The Ecobat project, which began on 1 January 2022, is now entering its final stage and will officially conclude on 31 December 2025. With less than three months remaining, the consortium is focusing on wrapping up research activities, finalising publications, and ensuring that all results are shared openly and responsibly.
Researchers are reminded that the final report is due by 30 June 2026, while continuous reporting (similar to the intermediate report) will remain open until 31 December 2027. A key task in these closing months is to ensure green open access for all scientific outputs by uploading publications to the official repository, as required by FRS-FNRS.
At the same time, the Ecobat team is preparing a new project video to showcase the project’s achievements, lessons learned, and the people behind the research. More details will be shared soon.
Reflecting on the Project’s Journey
At the closing meeting in September, partners took a moment to look back at how far the project has come. One theme that stood out was the growing connection between theory and experiment.
As one researcher shared, “I used to think that computer models were too abstract to reflect real systems accurately. However, I discovered that, with the right computational tools and input variables, these models can produce results that truly make sense in an experimental setup. It showed me how powerful the combination of theory and practice can be.”

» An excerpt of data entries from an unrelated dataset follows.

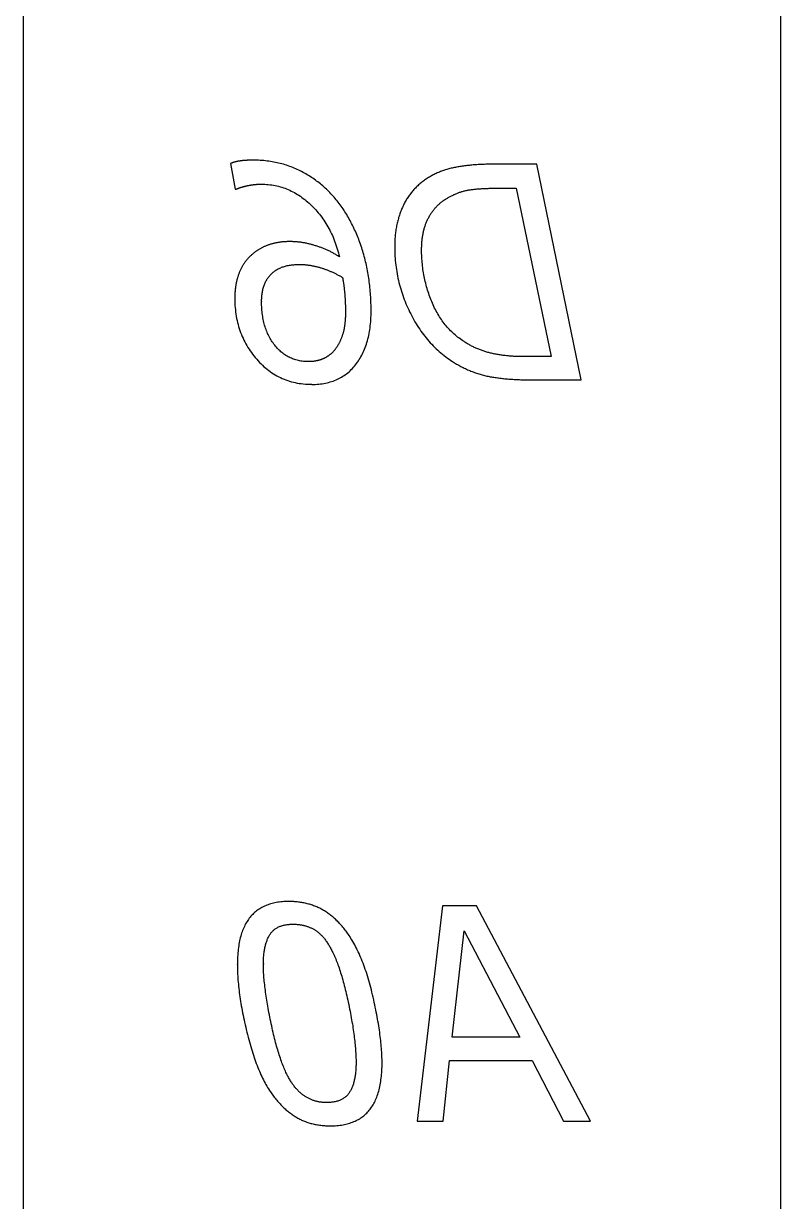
# Model space of a CAD drawing. Extents: x 0.1 to 5.6, y 0.1 to 17.2.
# Drawn here: x 0.094 to 2.836, y 8.639 to 12.904 of the extents above; entities that cross this region are included whole.
import ezdxf

# ---------------------------------------------------------------- set-up
doc = ezdxf.new("R2010")
doc.units = 0
doc.layers.add('CAPA_1', color=7, linetype='CONTINUOUS')

msp = doc.modelspace()

# ---------------------------------------------------------------- linework, layer by layer
at = {"layer": 'CAPA_1', "color": 7}
for points in [[(0.0942, 15.6274), (2.8358, 15.6274), (2.8358, 0.0942), (0.0942, 0.0942)], [(1.5197, 8.9295), (1.6136, 8.9295), (1.6369, 9.1491), (1.9366, 9.1491), (2.0505, 8.9295), (2.148, 8.9295), (1.7345, 9.7101), (1.6122, 9.7101)], [(1.6472, 9.2341), (1.6906, 9.6194), (1.8922, 9.2341)]]:
    msp.add_lwpolyline(points, close=True, dxfattribs=at)
for points in [[(0.877, 12.4064), (0.8757, 12.4062), (0.8745, 12.406), (0.8733, 12.4058), (0.8721, 12.4055), (0.8709, 12.4053), (0.8697, 12.4051), (0.8685, 12.4049), (0.8673, 12.4046), (0.8662, 12.4044), (0.865, 12.4041), (0.8639, 12.4039), (0.8628, 12.4036), (0.8617, 12.4033), (0.8606, 12.403), (0.8596, 12.4028), (0.8585, 12.4025), (0.8575, 12.4022), (0.8564, 12.4019), (0.8554, 12.4016), (0.8544, 12.4012), (0.8534, 12.4009), (0.8525, 12.4006), (0.8515, 12.4003), (0.8506, 12.3999), (0.8496, 12.3996), (0.8487, 12.3992), (0.8478, 12.3989), (0.8469, 12.3985), (0.846, 12.3981), (0.8452, 12.3977), (0.8443, 12.3974)], [(0.8443, 12.3974), (0.8607, 12.3045), (0.8653, 12.3045)], [(0.926, 12.4094), (0.9241, 12.4094), (0.9223, 12.4094), (0.9204, 12.4093), (0.9186, 12.4093), (0.9168, 12.4093), (0.915, 12.4093), (0.9132, 12.4092), (0.9115, 12.4092), (0.9098, 12.4091), (0.9081, 12.4091), (0.9064, 12.409), (0.9047, 12.4089), (0.9031, 12.4088), (0.9015, 12.4088), (0.8999, 12.4087), (0.8983, 12.4086), (0.8967, 12.4085), (0.8952, 12.4084), (0.8936, 12.4082), (0.8922, 12.4081), (0.8907, 12.408), (0.8892, 12.4079), (0.8878, 12.4077), (0.8864, 12.4076), (0.885, 12.4074), (0.8836, 12.4073), (0.8822, 12.4071), (0.8809, 12.4069), (0.8796, 12.4067), (0.8783, 12.4066), (0.877, 12.4064)], [(1.1067, 12.3652), (1.1014, 12.368), (1.0962, 12.3707), (1.0908, 12.3733), (1.0855, 12.3759), (1.0801, 12.3783), (1.0747, 12.3807), (1.0692, 12.3829), (1.0637, 12.3851), (1.0582, 12.3871), (1.0526, 12.3891), (1.0469, 12.391), (1.0413, 12.3928), (1.0356, 12.3945), (1.0298, 12.3961), (1.024, 12.3976), (1.0182, 12.399), (1.0123, 12.4004), (1.0064, 12.4016), (1.0005, 12.4028), (0.9945, 12.4038), (0.9885, 12.4048), (0.9824, 12.4056), (0.9763, 12.4064), (0.9701, 12.4071), (0.964, 12.4077), (0.9577, 12.4082), (0.9515, 12.4086), (0.9452, 12.409), (0.9388, 12.4092), (0.9324, 12.4093), (0.926, 12.4094)], [(1.6546, 12.3828), (1.6506, 12.382), (1.6466, 12.3811), (1.6426, 12.3802), (1.6387, 12.3792), (1.6347, 12.3782), (1.6308, 12.3771), (1.6269, 12.376), (1.6231, 12.3748), (1.6192, 12.3736), (1.6154, 12.3723), (1.6116, 12.3709), (1.6078, 12.3695), (1.6041, 12.368), (1.6003, 12.3665), (1.5966, 12.3649), (1.5929, 12.3633), (1.5893, 12.3616), (1.5856, 12.3599), (1.582, 12.3581), (1.5784, 12.3562), (1.5748, 12.3543), (1.5713, 12.3524), (1.5677, 12.3504), (1.5642, 12.3483), (1.5607, 12.3462), (1.5573, 12.344), (1.5538, 12.3418), (1.5504, 12.3395), (1.547, 12.3371), (1.5436, 12.3347), (1.5403, 12.3323)], [(1.7923, 12.3948), (1.7875, 12.3948), (1.7826, 12.3947), (1.7778, 12.3947), (1.773, 12.3946), (1.7683, 12.3945), (1.7636, 12.3943), (1.7589, 12.3942), (1.7542, 12.394), (1.7496, 12.3938), (1.745, 12.3935), (1.7404, 12.3933), (1.7358, 12.393), (1.7313, 12.3927), (1.7268, 12.3923), (1.7223, 12.392), (1.7179, 12.3916), (1.7135, 12.3912), (1.7091, 12.3907), (1.7047, 12.3903), (1.7004, 12.3898), (1.6961, 12.3893), (1.6918, 12.3887), (1.6876, 12.3882), (1.6834, 12.3876), (1.6792, 12.387), (1.675, 12.3863), (1.6709, 12.3857), (1.6668, 12.385), (1.6627, 12.3843), (1.6587, 12.3835), (1.6546, 12.3828)], [(1.9268, 11.6142), (2.1144, 11.6142), (1.9538, 12.3948), (1.7923, 12.3948)], [(1.2411, 12.2478), (1.2376, 12.2525), (1.234, 12.2572), (1.2304, 12.2618), (1.2267, 12.2663), (1.2229, 12.2708), (1.2191, 12.2752), (1.2153, 12.2796), (1.2114, 12.2839), (1.2074, 12.2881), (1.2034, 12.2923), (1.1994, 12.2964), (1.1952, 12.3004), (1.1911, 12.3044), (1.1868, 12.3083), (1.1826, 12.3122), (1.1782, 12.316), (1.1738, 12.3197), (1.1694, 12.3233), (1.1649, 12.3269), (1.1603, 12.3305), (1.1557, 12.334), (1.1511, 12.3374), (1.1463, 12.3407), (1.1416, 12.344), (1.1368, 12.3472), (1.1319, 12.3504), (1.1269, 12.3535), (1.1219, 12.3565), (1.1169, 12.3595), (1.1118, 12.3624), (1.1067, 12.3652)], [(1.5403, 12.3323), (1.5371, 12.3299), (1.534, 12.3274), (1.5309, 12.3249), (1.5279, 12.3223), (1.5249, 12.3197), (1.522, 12.317), (1.5191, 12.3143), (1.5163, 12.3115), (1.5135, 12.3087), (1.5108, 12.3058), (1.5081, 12.3029), (1.5055, 12.3), (1.5029, 12.297), (1.5003, 12.2939), (1.4979, 12.2908), (1.4954, 12.2877), (1.493, 12.2845), (1.4907, 12.2812), (1.4884, 12.2779), (1.4862, 12.2746), (1.484, 12.2712), (1.4818, 12.2678), (1.4797, 12.2643), (1.4777, 12.2607), (1.4757, 12.2572), (1.4737, 12.2535), (1.4718, 12.2499), (1.4699, 12.2461), (1.4681, 12.2423), (1.4664, 12.2385), (1.4647, 12.2347)], [(0.8653, 12.3045), (0.866, 12.3049), (0.8668, 12.3053), (0.8676, 12.3057), (0.8684, 12.3061), (0.8692, 12.3065), (0.8701, 12.3069), (0.871, 12.3072), (0.8719, 12.3076), (0.8729, 12.308), (0.8739, 12.3084), (0.8749, 12.3088), (0.876, 12.3092), (0.877, 12.3096), (0.8782, 12.31), (0.8793, 12.3103), (0.8805, 12.3107), (0.8817, 12.3111), (0.883, 12.3115), (0.8843, 12.3119), (0.8856, 12.3123), (0.8869, 12.3127), (0.8883, 12.3131), (0.8897, 12.3134), (0.8912, 12.3138), (0.8927, 12.3142), (0.8942, 12.3146), (0.8957, 12.315), (0.8973, 12.3154), (0.8989, 12.3158), (0.9005, 12.3162), (0.9022, 12.3165)], [(0.9022, 12.3165), (0.9039, 12.3169), (0.9055, 12.3173), (0.9072, 12.3177), (0.9089, 12.318), (0.9105, 12.3183), (0.9122, 12.3186), (0.9139, 12.319), (0.9156, 12.3192), (0.9173, 12.3195), (0.919, 12.3198), (0.9207, 12.3201), (0.9224, 12.3203), (0.9241, 12.3205), (0.9258, 12.3207), (0.9275, 12.321), (0.9292, 12.3211), (0.9309, 12.3213), (0.9327, 12.3215), (0.9344, 12.3217), (0.9361, 12.3218), (0.9378, 12.3219), (0.9396, 12.322), (0.9413, 12.3222), (0.9431, 12.3222), (0.9448, 12.3223), (0.9466, 12.3224), (0.9483, 12.3225), (0.9501, 12.3225), (0.9519, 12.3225), (0.9536, 12.3225), (0.9554, 12.3226)], [(0.9554, 12.3226), (0.9618, 12.3225), (0.9682, 12.3222), (0.9745, 12.3219), (0.9808, 12.3213), (0.9871, 12.3206), (0.9933, 12.3198), (0.9994, 12.3188), (1.0055, 12.3177), (1.0116, 12.3164), (1.0176, 12.3149), (1.0235, 12.3133), (1.0295, 12.3116), (1.0353, 12.3097), (1.0412, 12.3076), (1.047, 12.3054), (1.0527, 12.303), (1.0584, 12.3005), (1.064, 12.2978), (1.0696, 12.295), (1.0752, 12.292), (1.0807, 12.2889), (1.0861, 12.2856), (1.0916, 12.2822), (1.0969, 12.2786), (1.1023, 12.2749), (1.1075, 12.271), (1.1128, 12.2669), (1.118, 12.2628), (1.1231, 12.2584), (1.1282, 12.2539), (1.1333, 12.2493)], [(1.6122, 12.261), (1.6146, 12.2627), (1.6171, 12.2644), (1.6195, 12.2661), (1.622, 12.2677), (1.6245, 12.2693), (1.627, 12.2708), (1.6295, 12.2724), (1.632, 12.2738), (1.6345, 12.2753), (1.6371, 12.2767), (1.6396, 12.2781), (1.6422, 12.2795), (1.6448, 12.2808), (1.6474, 12.2821), (1.65, 12.2833), (1.6526, 12.2846), (1.6552, 12.2857), (1.6578, 12.2869), (1.6604, 12.288), (1.6631, 12.2891), (1.6657, 12.2902), (1.6684, 12.2912), (1.6711, 12.2922), (1.6738, 12.2931), (1.6765, 12.294), (1.6792, 12.2949), (1.6819, 12.2958), (1.6846, 12.2966), (1.6874, 12.2974), (1.6901, 12.2981), (1.6929, 12.2988)], [(1.6929, 12.2988), (1.6957, 12.2994), (1.6985, 12.2999), (1.7014, 12.3005), (1.7044, 12.301), (1.7074, 12.3015), (1.7104, 12.302), (1.7135, 12.3024), (1.7166, 12.3029), (1.7198, 12.3033), (1.723, 12.3037), (1.7263, 12.3041), (1.7296, 12.3044), (1.733, 12.3048), (1.7364, 12.3051), (1.7398, 12.3054), (1.7433, 12.3057), (1.7469, 12.306), (1.7505, 12.3062), (1.7541, 12.3065), (1.7578, 12.3067), (1.7616, 12.3069), (1.7654, 12.3071), (1.7692, 12.3072), (1.7731, 12.3074), (1.777, 12.3075), (1.781, 12.3076), (1.7851, 12.3077), (1.7891, 12.3077), (1.7933, 12.3078), (1.7974, 12.3078), (1.8017, 12.3078)], [(1.8017, 12.3078), (1.8787, 12.3078), (2.0047, 11.6982), (1.9081, 11.6982)], [(1.1333, 12.2493), (1.1382, 12.2445), (1.1431, 12.2397), (1.1479, 12.2347), (1.1525, 12.2297), (1.1571, 12.2246), (1.1615, 12.2194), (1.1659, 12.214), (1.1701, 12.2087), (1.1742, 12.2032), (1.1783, 12.1976), (1.1822, 12.1919), (1.186, 12.1862), (1.1897, 12.1803), (1.1933, 12.1744), (1.1968, 12.1683), (1.2002, 12.1622), (1.2035, 12.156), (1.2066, 12.1497), (1.2097, 12.1433), (1.2127, 12.1368), (1.2155, 12.1302), (1.2183, 12.1236), (1.2209, 12.1168), (1.2235, 12.1099), (1.2259, 12.103), (1.2282, 12.0959), (1.2304, 12.0888), (1.2326, 12.0816), (1.2346, 12.0743), (1.2365, 12.0669), (1.2383, 12.0594)], [(1.3246, 12.0738), (1.3228, 12.0801), (1.3208, 12.0864), (1.3189, 12.0926), (1.3168, 12.0987), (1.3148, 12.1048), (1.3126, 12.1109), (1.3104, 12.1169), (1.3082, 12.1229), (1.3059, 12.1288), (1.3035, 12.1347), (1.3011, 12.1406), (1.2986, 12.1463), (1.2961, 12.1521), (1.2935, 12.1578), (1.2908, 12.1635), (1.2882, 12.1691), (1.2854, 12.1746), (1.2826, 12.1801), (1.2797, 12.1856), (1.2768, 12.1911), (1.2738, 12.1964), (1.2708, 12.2018), (1.2677, 12.2071), (1.2646, 12.2123), (1.2614, 12.2175), (1.2582, 12.2227), (1.2549, 12.2278), (1.2515, 12.2328), (1.2481, 12.2379), (1.2446, 12.2428), (1.2411, 12.2478)], [(1.5552, 12.1886), (1.5564, 12.1914), (1.5577, 12.1941), (1.559, 12.1969), (1.5604, 12.1996), (1.5617, 12.2022), (1.5632, 12.2049), (1.5646, 12.2075), (1.5662, 12.2101), (1.5677, 12.2126), (1.5693, 12.2151), (1.5709, 12.2176), (1.5726, 12.2201), (1.5743, 12.2225), (1.5761, 12.2249), (1.5779, 12.2273), (1.5797, 12.2296), (1.5816, 12.2319), (1.5835, 12.2342), (1.5855, 12.2364), (1.5875, 12.2386), (1.5895, 12.2408), (1.5916, 12.243), (1.5937, 12.2451), (1.5959, 12.2472), (1.5981, 12.2493), (1.6003, 12.2513), (1.6026, 12.2533), (1.6049, 12.2552), (1.6073, 12.2572), (1.6097, 12.2591), (1.6122, 12.261)], [(1.4647, 12.2347), (1.463, 12.2308), (1.4614, 12.2269), (1.4598, 12.2229), (1.4584, 12.2189), (1.4569, 12.2149), (1.4555, 12.2108), (1.4542, 12.2066), (1.4529, 12.2025), (1.4517, 12.1983), (1.4505, 12.194), (1.4494, 12.1897), (1.4483, 12.1854), (1.4473, 12.181), (1.4464, 12.1766), (1.4455, 12.1722), (1.4446, 12.1677), (1.4439, 12.1631), (1.4431, 12.1585), (1.4424, 12.1539), (1.4418, 12.1493), (1.4412, 12.1446), (1.4407, 12.1398), (1.4403, 12.135), (1.4399, 12.1302), (1.4395, 12.1253), (1.4392, 12.1204), (1.439, 12.1155), (1.4388, 12.1105), (1.4386, 12.1055), (1.4386, 12.1004), (1.4385, 12.0953)], [(1.5361, 12.0858), (1.5361, 12.0897), (1.5362, 12.0935), (1.5363, 12.0972), (1.5364, 12.101), (1.5366, 12.1047), (1.5368, 12.1083), (1.5371, 12.112), (1.5374, 12.1156), (1.5377, 12.1191), (1.5381, 12.1226), (1.5385, 12.1261), (1.5389, 12.1296), (1.5394, 12.133), (1.54, 12.1364), (1.5406, 12.1397), (1.5412, 12.1431), (1.5418, 12.1463), (1.5425, 12.1496), (1.5433, 12.1528), (1.544, 12.156), (1.5449, 12.1591), (1.5457, 12.1622), (1.5466, 12.1653), (1.5475, 12.1683), (1.5485, 12.1713), (1.5495, 12.1743), (1.5506, 12.1772), (1.5517, 12.1801), (1.5528, 12.183), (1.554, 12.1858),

This close interaction between modelling and experimentation has become one of Ecobat’s defining strengths. The theoretical teams gained valuable insights and developed new ways to interpret simulations, while the experimental teams benefited from more targeted and informed approaches.
Over the past three years, researchers have also seen tangible progress in performance. Compared to earlier research within Jan Fransaer’s group, the number of achievable battery charge–discharge cycles has increased significantly. Moving away from ionic liquids played a key role in this improvement. In the early stages, obtaining a stable metal deposit was already a breakthrough, but battery science has evolved. The next big challenge is ensuring that deposition and stripping can be made fully reversible, which is crucial for any viable battery technology.
At the same time, the consortium recognised that some goals were deliberately ambitious. One example was the attempt to remove fluorinated compounds from electrolytes. Although this idea is well aligned with environmental goals, it proved extremely challenging in practice. Fluorinated compounds are still important for maintaining salt solubility and electrolyte stability, especially on the anode side. Balancing sustainability and performance remains a central question in battery development.
Collaboration as a Driving Force
A strong sense of collaboration has been one of Ecobat’s key achievements. KU Leuven researchers emphasised how open and constructive the cooperation between partners has been, which is not always a given in large research consortia.
Access to the laboratories of Professor Alex Vlad at UCLouvain has been particularly valuable, allowing researchers to conduct experiments under highly reliable conditions. This combination of advanced laboratory capabilities, theoretical expertise, and teamwork has been essential to the project’s success.
As Ecobat approaches its conclusion, the project leaves behind not only scientific results but also a community of researchers who have learned from one another. The experience gained and the connections built will continue to inspire future collaborations in the search for sustainable and innovative battery technologies.